CMS explains that such check-in services can reduce unnecessary office visits, thereby reducing overall cost of care. The proposed rule does not, however, explain the type of communication technology that can be used for such services. CMS is requesting comments from the public on the type of communication technology commonly used by providers and, specifically, whether standard telephone conversations would be adequate to assess a patient’s condition, as compared to enhanced video or other types of communication.

2.    Remote Evaluation of Pre-Recorded Patient Information (HCPCS Code GRAS1)

The proposed rule also establishes separate reimbursement when providers review pre-recorded videos and/or images recorded by a patient to assess the patient conditions and determine whether an in-person visit is necessary. Consistent with the proposed reimbursement rule for check-in services, such remote evaluation services would only be reimbursed separately  if they do not result in a follow-up in-person visit.

A key detail in the proposed reimbursement for remote evaluation services is that it does not require the provider to engage in real-time interactions with the patient, as is traditionally required for currently reimbursable medical health services. Rather, the proposed rule would permit the services to be provided via “store-and-forward” communication technology that provides for asynchronous transmission of patient information.

3.    Interprofessional Internet Consultation (CPT Codes 994X6, 994X0)

CMS has recognized that a team-based approach to care can reduce costs and improve patient outcomes. Accordingly, it has proposed to also unbundle and permit separate billing for consultation services conducted through telephone, internet or other communication technology. Such services are commonly provided when a provider seeks the opinion or treatment advice of another qualified health care professional with specific expertise to assist in the diagnosis and/or management of a patient’s condition. CMS explains that such consultation services may often be provided without the need for an in-person interaction between the consulting provider and the patient, in which case it warrants allowing the provider to bill for such services independently.
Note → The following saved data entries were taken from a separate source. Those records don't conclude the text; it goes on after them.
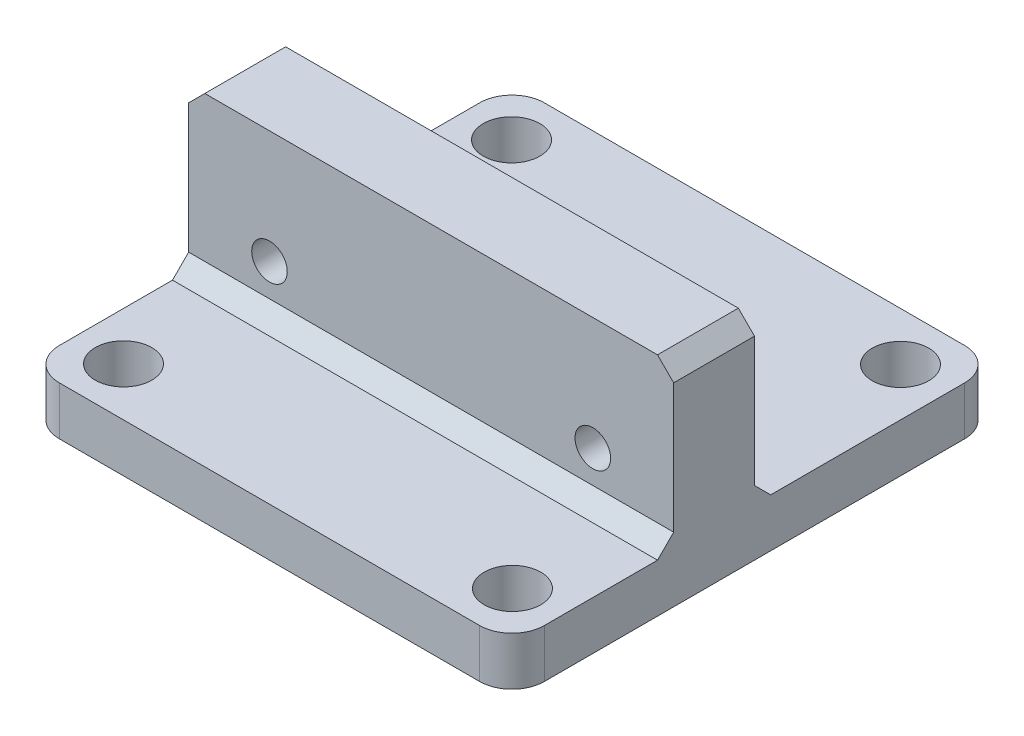
from build123d import *

# Parameters (mm, degrees)
BOSS_EXTRUDE1_DEPTH        = 15
F_3_5_3_5_DIAMETER_HOLE1_D = 3.5
FILLET1_R                  = 2
F_2_2_2_2_DIAMETER_HOLE1_D = 2.2
CHAMFER1_SIZE              = 1
CHAMFER2_SIZE              = 1


with BuildPart() as part:
    # Sketch1 → Boss-Extrude1 (new, symmetric)
    with BuildSketch(Plane(origin=(0, 0, 0), x_dir=(0, 0, -1), z_dir=(1, 0, 0))):
        Polygon((-15, 0), (15, 0), (15, 3), (0, 3), (0, 13), (-5, 13), (-5, 3), (-15, 3), align=None)
    extrude(amount=BOSS_EXTRUDE1_DEPTH, both=True)

    # Ø3.5 (3.5) Diameter Hole1 (through all)
    with Locations(Plane(origin=(0, 3, 0), x_dir=(1, 0, 0), z_dir=(0, 1, 0))):
        with Locations((-12.02948497, 12), (12.02948497, 12), (-12.02948497, -12), (12.02948497, -12)):
            Hole(F_3_5_3_5_DIAMETER_HOLE1_D / 2)

    # Fillet1
    fillet1_edges = [part.edges().sort_by_distance(p)[0] for p in [
        (-15, 1.5, 15),
        (15, 1.5, 15),
        (-15, 1.5, -15),
        (15, 1.5, -15),
    ]]
    fillet(fillet1_edges, radius=FILLET1_R)

    # Ø2.2 (2.2) Diameter Hole1 (through all)
    with Locations(Plane(origin=(0, 0, 0), x_dir=(-1, 0, 0), z_dir=(0, 0, -1))):
        with Locations((-10, 6), (10, 6)):
            Hole(F_2_2_2_2_DIAMETER_HOLE1_D / 2)

    # Chamfer1
    chamfer1_edges = [part.edges().sort_by_distance(p)[0] for p in [
        (0, 3, 0),
        (0, 3, 5),
    ]]
    chamfer(chamfer1_edges, length=CHAMFER1_SIZE)

    # Chamfer2
    chamfer2_edges = [part.edges().sort_by_distance(p)[0] for p in [
        (-15, 13, 2.5),
        (15, 13, 2.5),
    ]]
    chamfer(chamfer2_edges, length=CHAMFER2_SIZE)


solid = part.part

4.    Other Proposed Revisions to Medicare Telehealth Reimbursement

In addition to the new reimbursement rules described above, CMS is also proposing the following changes to the Medicare telehealth regulations:

  • Adding prolonged preventive services (HCPCS Codes G0513, G0514) to the list of Medicare telehealth services that can be provided via communication technology;
  • Adding renal dialysis facilities and the homes of patients suffering from end-stage renal disease (ESRD) as locations that qualify as “originating sites” where a patient can be located when receiving monthly ESRD-related clinical assessment via telehealth; and
  • Adding mobile stroke units (i.e., mobile units that diagnose, evaluate and/or treat symptoms of an acute stroke) as permissible “originating sites” for the provision of acute stroke services via telehealth.

CMS is accepting public comments on the proposed rule until September 10, 2018. If the rule is passed, the new telehealth reimbursement rules would go into effect on January 1, 2019.